- _What the task asks_
Your output should be the lines from the start of the data through the line containing "DKWEB: U1.44 (DKWEB), U2.44 (DKWEB)", exactly and nothing more.

(Collection entries)

* * * * * * * * *

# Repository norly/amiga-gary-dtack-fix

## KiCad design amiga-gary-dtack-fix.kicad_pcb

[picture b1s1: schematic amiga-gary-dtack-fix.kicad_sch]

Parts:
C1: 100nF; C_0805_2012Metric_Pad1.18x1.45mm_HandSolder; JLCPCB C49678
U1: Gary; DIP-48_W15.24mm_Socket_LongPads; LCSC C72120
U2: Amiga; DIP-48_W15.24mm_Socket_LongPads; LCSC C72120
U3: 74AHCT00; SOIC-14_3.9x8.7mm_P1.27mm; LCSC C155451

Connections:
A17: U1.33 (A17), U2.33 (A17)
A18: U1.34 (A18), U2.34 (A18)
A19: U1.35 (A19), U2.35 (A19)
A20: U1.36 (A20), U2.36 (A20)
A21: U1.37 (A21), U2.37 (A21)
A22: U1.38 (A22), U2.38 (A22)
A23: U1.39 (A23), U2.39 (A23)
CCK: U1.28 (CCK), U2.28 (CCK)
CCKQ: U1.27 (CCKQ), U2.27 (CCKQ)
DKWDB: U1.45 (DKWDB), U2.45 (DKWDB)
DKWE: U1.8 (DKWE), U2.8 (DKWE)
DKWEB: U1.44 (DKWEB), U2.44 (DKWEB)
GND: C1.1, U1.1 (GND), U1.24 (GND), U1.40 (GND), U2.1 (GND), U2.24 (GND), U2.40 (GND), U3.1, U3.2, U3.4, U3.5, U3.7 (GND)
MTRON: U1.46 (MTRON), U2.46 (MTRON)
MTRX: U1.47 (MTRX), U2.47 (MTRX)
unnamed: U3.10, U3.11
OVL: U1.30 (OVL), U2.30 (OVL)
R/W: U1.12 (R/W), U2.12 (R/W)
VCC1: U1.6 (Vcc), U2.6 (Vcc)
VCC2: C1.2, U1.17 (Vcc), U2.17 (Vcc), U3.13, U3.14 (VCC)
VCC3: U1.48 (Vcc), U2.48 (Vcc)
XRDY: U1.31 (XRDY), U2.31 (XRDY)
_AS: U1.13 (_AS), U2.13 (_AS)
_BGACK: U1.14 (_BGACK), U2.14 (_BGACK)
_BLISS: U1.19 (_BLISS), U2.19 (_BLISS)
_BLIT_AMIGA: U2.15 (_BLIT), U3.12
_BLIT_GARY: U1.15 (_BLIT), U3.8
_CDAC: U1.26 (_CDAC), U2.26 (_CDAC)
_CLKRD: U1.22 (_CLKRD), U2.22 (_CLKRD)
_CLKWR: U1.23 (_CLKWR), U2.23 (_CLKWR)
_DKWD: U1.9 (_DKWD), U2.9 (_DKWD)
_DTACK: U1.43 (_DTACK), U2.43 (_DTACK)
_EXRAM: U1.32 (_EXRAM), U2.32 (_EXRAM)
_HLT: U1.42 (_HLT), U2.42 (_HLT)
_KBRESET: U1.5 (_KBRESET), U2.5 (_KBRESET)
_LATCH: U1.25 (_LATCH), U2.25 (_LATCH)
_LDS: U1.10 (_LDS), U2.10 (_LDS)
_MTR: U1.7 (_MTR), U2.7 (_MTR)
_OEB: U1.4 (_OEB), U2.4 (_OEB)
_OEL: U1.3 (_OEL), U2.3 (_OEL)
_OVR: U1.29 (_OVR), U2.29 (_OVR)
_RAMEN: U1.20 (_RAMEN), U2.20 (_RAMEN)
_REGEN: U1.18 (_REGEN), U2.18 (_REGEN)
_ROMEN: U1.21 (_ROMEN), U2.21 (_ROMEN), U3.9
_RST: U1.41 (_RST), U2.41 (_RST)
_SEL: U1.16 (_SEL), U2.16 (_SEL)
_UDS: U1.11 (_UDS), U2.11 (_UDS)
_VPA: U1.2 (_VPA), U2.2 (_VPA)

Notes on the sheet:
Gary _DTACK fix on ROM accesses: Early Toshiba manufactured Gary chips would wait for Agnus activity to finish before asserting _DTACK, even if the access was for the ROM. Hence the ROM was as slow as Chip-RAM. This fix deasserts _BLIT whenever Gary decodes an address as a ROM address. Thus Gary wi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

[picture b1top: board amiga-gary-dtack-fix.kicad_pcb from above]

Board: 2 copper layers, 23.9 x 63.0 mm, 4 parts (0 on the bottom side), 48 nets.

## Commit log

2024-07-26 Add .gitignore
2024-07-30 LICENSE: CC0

* * * * * * * * *

- _Problem solution_
# Repository norly/amiga-gary-dtack-fix

## KiCad design amiga-gary-dtack-fix.kicad_pcb

[picture b1s1: schematic amiga-gary-dtack-fix.kicad_sch]

Parts:
C1: 100nF; C_0805_2012Metric_Pad1.18x1.45mm_HandSolder; JLCPCB C49678
U1: Gary; DIP-48_W15.24mm_Socket_LongPads; LCSC C72120
U2: Amiga; DIP-48_W15.24mm_Socket_LongPads; LCSC C72120
U3: 74AHCT00; SOIC-14_3.9x8.7mm_P1.27mm; LCSC C155451

Connections:
A17: U1.33 (A17), U2.33 (A17)
A18: U1.34 (A18), U2.34 (A18)
A19: U1.35 (A19), U2.35 (A19)
A20: U1.36 (A20), U2.36 (A20)
A21: U1.37 (A21), U2.37 (A21)
A22: U1.38 (A22), U2.38 (A22)
A23: U1.39 (A23), U2.39 (A23)
CCK: U1.28 (CCK), U2.28 (CCK)
CCKQ: U1.27 (CCKQ), U2.27 (CCKQ)
DKWDB: U1.45 (DKWDB), U2.45 (DKWDB)
DKWE: U1.8 (DKWE), U2.8 (DKWE)
DKWEB: U1.44 (DKWEB), U2.44 (DKWEB)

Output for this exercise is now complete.